# If I like Sibelius (and I do!) .... who's another composer I should try?



## laurie (Jan 12, 2017)

He's a recent discovery for me (& I'm slightly obsessed right now!) Are there other composers with
a Sibelius-y sound & style that I should "meet"? Listening & recording recommendations appreciated!


----------



## R3PL4Y (Jan 21, 2016)

Vaughan Williams' fifth symphony was dedicated to Sibelius and written in a comparable style.


----------



## Heck148 (Oct 27, 2016)

laurie said:


> He's a recent discovery for me (& I'm slightly obsessed right now!) Are there other composers with
> a Sibelius-y sound & style that I should "meet"? Listening & recording recommendations appreciated!


Nielsen, Hanson - I group the three as the "Scandinavian symphonists" - even tho Hanson was American [of Nordic descent]


----------



## Alfacharger (Dec 6, 2013)

Heck148 said:


> Nielsen, Hanson - I group the three as the "Scandinavian symphonists" - even tho Hanson was American [of Nordic descent]


A taste of the Hanson...






More Hanson, starts at about 1.15 in...


----------



## KenOC (Mar 7, 2011)

Heck148 said:


> Nielsen, Hanson - I group the three as the "Scandinavian symphonists" - even tho Hanson was American [of Nordic descent]


There's definitely a Sibelius connection with Hanson. Here's Michael Steinberg's amusing story about Hanson, who was the longtime head of the Eastman School of Music:
--------------------------------------------------------------
Early in my time as a music critic, I once referred to his Romantic Symphony as "Sibelian slush." Some five or six years later I met Hanson for the first time at an international music critics' symposium at Eastman. Hanson, who spoke at the opening session, had something individual and appropriate to say to each of the dozen and a half participants. When he came to me, he told the "Sibelian slush" story. Then, after a beautifully timed silence, he added: "Of course Mr. Steinberg was quite wrong. [Applause]. It is my _Nordic _Symphony that is 'Sibelian slush.' "
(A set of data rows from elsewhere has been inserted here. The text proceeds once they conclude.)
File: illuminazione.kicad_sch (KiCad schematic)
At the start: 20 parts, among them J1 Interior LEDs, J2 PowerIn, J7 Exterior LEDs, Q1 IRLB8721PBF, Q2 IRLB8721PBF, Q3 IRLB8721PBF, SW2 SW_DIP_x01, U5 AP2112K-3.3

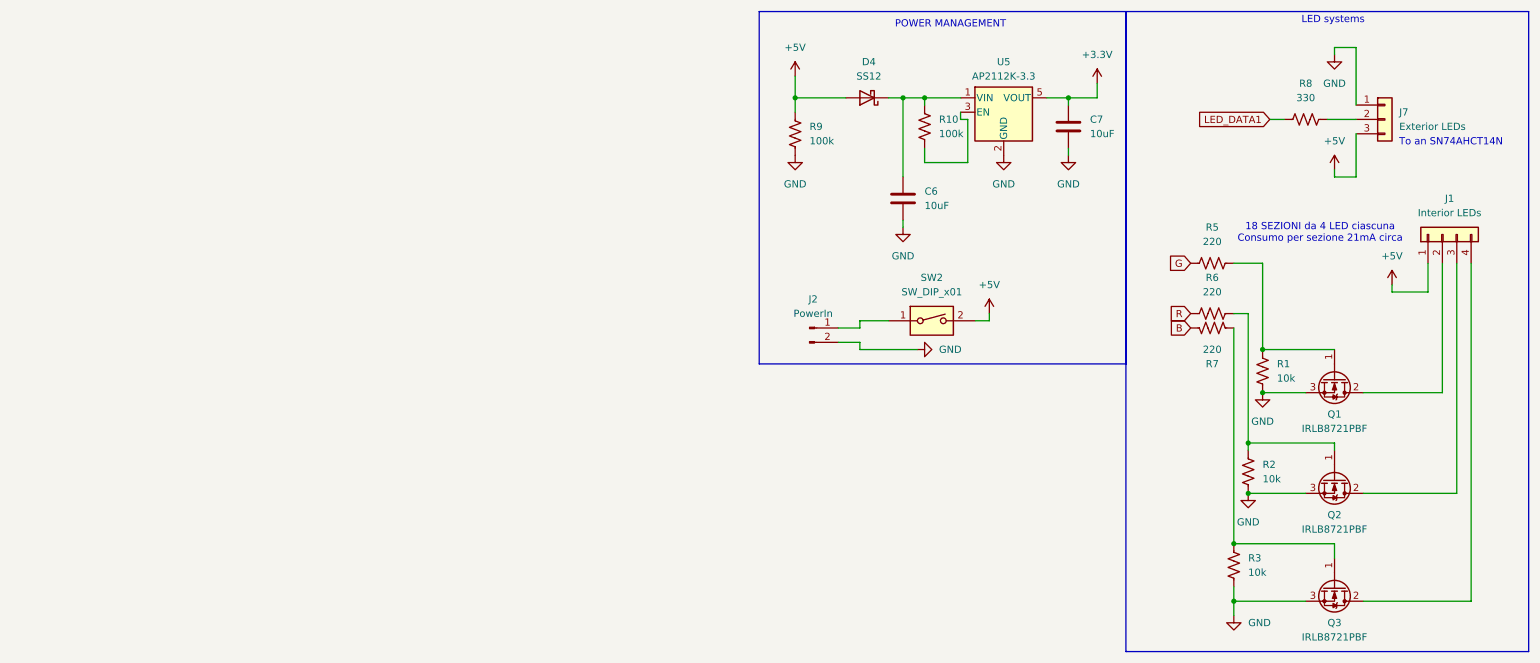
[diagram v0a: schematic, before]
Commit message: Ligthing schematic update
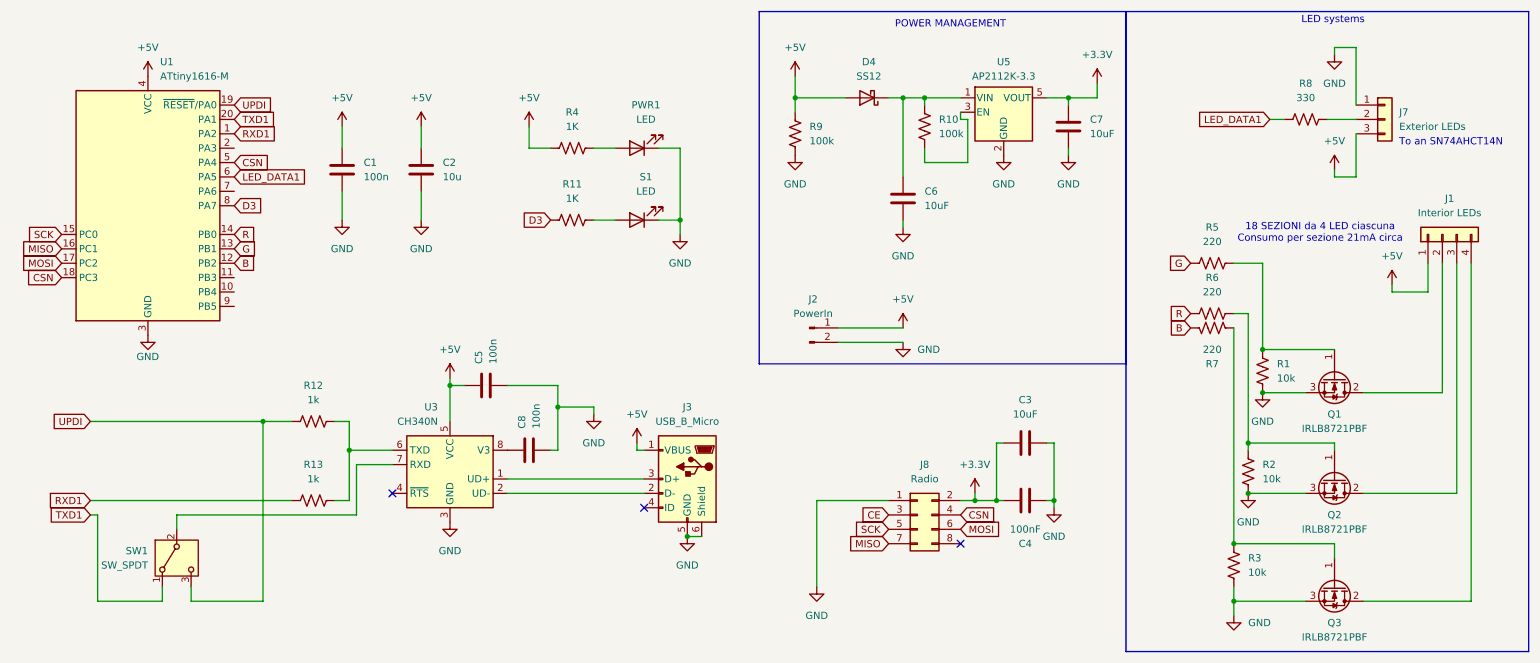
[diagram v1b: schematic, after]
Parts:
- removed SW2: SW_DIP_x01, Connector_PinHeader_2.54mm:PinHeader_1x02_P2.54mm_Vertical, symbol Switch:SW_DIP_x01
- added C1, C5, C8: 100n, Capacitor_SMD:C_0402_1005Metric_Pad0.74x0.62mm_HandSolder, symbol Device:C
- added C2: 10u, Capacitor_SMD:C_0402_1005Metric_Pad0.74x0.62mm_HandSolder, symbol Device:C
- added C3: 10uF, Capacitor_SMD:C_0402_1005Metric_Pad0.74x0.62mm_HandSolder, symbol Device:C
- added C4: 100nF, Capacitor_SMD:C_0402_1005Metric_Pad0.74x0.62mm_HandSolder, symbol Device:C
- added J3: USB_B_Micro, Connector_USB:USB_Micro-B_Amphenol_10118194-0001LF_Horizontal, symbol Connector:USB_B_Micro
- added J8: Radio, Connector_PinHeader_2.54mm:PinHeader_2x04_P2.54mm_Vertical, symbol Connector_Generic:Conn_02x04_Odd_Even
- added PWR1, S1: LED, LED_SMD:LED_0402_1005Metric_Pad0.77x0.64mm_HandSolder, symbol Device:LED
- added R11, R4: 1K, Resistor_SMD:R_0402_1005Metric_Pad0.72x0.64mm_HandSolder, symbol Device:R_US
- added R12, R13: 1k, Resistor_SMD:R_0402_1005Metric_Pad0.72x0.64mm_HandSolder, symbol Device:R_US
- added SW1: SW_SPDT, Button_Switch_SMD:SW_SPDT_CK_JS102011SAQN, symbol Switch:SW_SPDT
- added U1: ATtiny1616-M, Package_DFN_QFN:VQFN-20-1EP_3x3mm_P0.4mm_EP1.7x1.7mm, symbol MCU_Microchip_ATtiny:ATtiny1616-M
- added U3: CH340N, Package_SO:SOP-8_3.9x4.9mm_P1.27mm, symbol Interface_USB:CH340N
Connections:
- net +3.3V: now also C3.1, C4.2, J8.2 (Pin_2)
- net +5V: now also J2.1 (Pin_1), C1.1, C2.1, C5.1, J3.1 (VBUS), R4.1, U1.4 (VCC), U3.5 (VCC)
- net B: now also U1.12 (PB2)
- net G: now also U1.13 (PB1)
- net GND: now also C1.2, C2.2, C3.2, C4.1, C5.2, C8.2, J3.5 (GND), J3.6 (Shield), J8.1 (Pin_1), PWR1.1 (K), S1.1 (K), U1.21 (GND), U1.3 (GND), U3.3 (GND)
- net LED_DATA1: now also U1.6 (PA5)
- net R: now also U1.14 (PB0)
- new net: SW1.2 (B), U3.7 (RXD)
- new net: R12.2, R13.2, U3.6 (TXD)
- new net: R11.2, S1.2 (A)
- new net: J3.3 (D+), U3.1 (UD+)
- new net: J3.2 (D-), U3.2 (UD-)
- new net: C8.1, U3.8 (V3)
- new net: PWR1.2 (A), R4.2
- new net CE: J8.3 (Pin_3)
- new net CSN: J8.4 (Pin_4), U1.18 (PC3), U1.5 (PA4)
- new net D3: R11.1, U1.8 (PA7)
- new net MISO: J8.7 (Pin_7), U1.16 (PC1)
- new net MOSI: J8.6 (Pin_6), U1.17 (PC2)
- new net RXD1: R13.1, U1.1 (PA2)
- new net SCK: J8.5 (Pin_5), U1.15 (PC0)
- new net TXD1: SW1.1 (A), U1.20 (PA1)
- new net UPDI: R12.1, SW1.3 (C), U1.19 (~{RESET}/PA0)
- no-connect marks 0 -> 3

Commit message: General Changes
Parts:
- removed C3, C6, C7: 10uF, Capacitor_SMD:C_0402_1005Metric_Pad0.74x0.62mm_HandSolder, symbol Device:C
- removed C4: 100nF, Capacitor_SMD:C_0402_1005Metric_Pad0.74x0.62mm_HandSolder, symbol Device:C
- removed C5, C8: 100n, Capacitor_SMD:C_0402_1005Metric_Pad0.74x0.62mm_HandSolder, symbol Device:C
- removed D4: SS12, Diode_SMD:D_SMA, symbol Diode:SS12
- removed J3: USB_B_Micro, Connector_USB:USB_Micro-B_Amphenol_10118194-0001LF_Horizontal, symbol Connector:USB_B_Micro
- removed J8: Radio, Connector_PinHeader_2.54mm:PinHeader_2x04_P2.54mm_Vertical, symbol Connector_Generic:Conn_02x04_Odd_Even
- removed R12, R13: 1k, Resistor_SMD:R_0402_1005Metric_Pad0.72x0.64mm_HandSolder, symbol Device:R_US
- removed SW1: SW_SPDT, Button_Switch_SMD:SW_SPDT_CK_JS102011SAQN, symbol Switch:SW_SPDT
- removed U3: CH340N, Package_SO:SOP-8_3.9x4.9mm_P1.27mm, symbol Interface_USB:CH340N
- removed U5: AP2112K-3.3, Package_TO_SOT_SMD:SOT-23-5, symbol Regulator_Linear:AP2112K-3.3
- added C11: 10u, Capacitor_SMD:C_0402_1005Metric_Pad0.74x0.62mm_HandSolder, symbol Device:C
- added C12: 100n, Capacitor_SMD:C_0402_1005Metric_Pad0.74x0.62mm_HandSolder, symbol Device:C
- added D129: SM712_SOT23, Package_TO_SOT_SMD:SOT-23, symbol Diode:SM712_SOT23
- added J3: UDPI, symbol Connector:Conn_01x03_Pin
- added J4: RS485, Connector_JST:JST_NV_B02P-NV_1x02_P5.00mm_Vertical, symbol Connector:Conn_01x02_Pin
- added U10: THVD1450DR, Package_SON:VSON-8-1EP_3x3mm_P0.65mm_EP1.6x2.4mm, symbol Interface_UART:THVD1450DR
- R10, R9: value 100k -> 10k
- U1: value ATtiny1616-M -> ATtiny1626-M; symbol MCU_Microchip_ATtiny:ATtiny1616-M -> MCU_Microchip_ATtiny:ATtiny1626-M
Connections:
- net +5V: now also C11.1, C12.1, J3.3 (Pin_3), U10.8 (VCC)
- net GND: now also R10.2, C11.2, C12.2, D129.3 (common), J3.1 (Pin_1), U10.5 (GND); no longer R9.2
- net D9: now reaches R10.1
- net D9: now also R9.2, U10.2 (~{RE}), U10.3 (DE)
- net CSN: no longer names the net of U1.18 (PC3)
- net CSN: no longer U1.5 (PA4)
- net MISO: no longer names the net of U1.16 (PC1)
- net MOSI: no longer names the net of U1.17 (PC2)
- net RXD1 renamed RXD2
- net RXD2: now also U10.1 (RO)
- net SCK: no longer names the net of U1.15 (PC0)
- net TXD1 renamed TXD2
- net TXD2: now also U10.4 (DI)
- net UPDI: no longer names the net of U1.19 (~{RESET}/PA0)
- net UPDI: now also J3.2 (Pin_2)
- new net: D129.1 (A1), J4.2 (Pin_2), U10.6 (A)
- new net: D129.2 (A2), J4.1 (Pin_1), U10.7 (B)
- no-connect marks 3 -> 0
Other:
- moved on the sheet: C1, C2, J2, PWR1, R11, R4, S1

(A repeat, but what the heck...)


----------



## Gordontrek (Jun 22, 2012)

I would recommend Edvard Grieg and Richard Strauss; these are the most similar to Sibelius that I can think of off the top of my head. 
If the Grieg-Sibelius connection seems doubtful to you, there's actually a very good (and quite popular) Karajan/BPO album that pairs Grieg and Sibelius works. I highly recommend it; it's one of my favorite albums. I was quite surprised by how much Grieg's and Sibelius's music reminded me of each other.


----------



## drnlaw (Jan 27, 2016)

KenOC said:


> There's definitely a Sibelius connection with Hanson. Here's Michael Steinberg's amusing story about Hanson, who was the longtime head of the Eastman School of Music:
> --------------------------------------------------------------
> Early in my time as a music critic, I once referred to his Romantic Symphony as "Sibelian slush." Some five or six years later I met Hanson for the first time at an international music critics' symposium at Eastman. Hanson, who spoke at the opening session, had something individual and appropriate to say to each of the dozen and a half participants. When he came to me, he told the "Sibelian slush" story. Then, after a beautifully timed silence, he added: "Of course Mr. Steinberg was quite wrong. [Applause]. It is my _Nordic _Symphony that is 'Sibelian slush.' "
> 
> (A repeat, but what the heck...)


Over the years (and I've lived a lot of 'em) I've come to appreciate Hanson's music. On an intellectual level, I still look at him as an irrelevant composer of slush, Sibelian or otherwise. But I've discovered that if I just drop all my pretentions and simply let myself lean back and wallow in it, much of it, including the slushiest of them all, the Romantic, is quite enjoyable music.


----------



## Strange Magic (Sep 14, 2015)

Walton's Symphony #1 is quite Sibelian, especially the first movement.


----------



## Heck148 (Oct 27, 2016)

drnlaw said:


> Over the years (and I've lived a lot of 'em) I've come to appreciate Hanson's music. On an intellectual level, I still look at him as an irrelevant composer of slush, Sibelian or otherwise. But I've discovered that if I just drop all my pretentions and simply let myself lean back and wallow in it, much of it, including the slushiest of them all, the Romantic, is quite enjoyable music.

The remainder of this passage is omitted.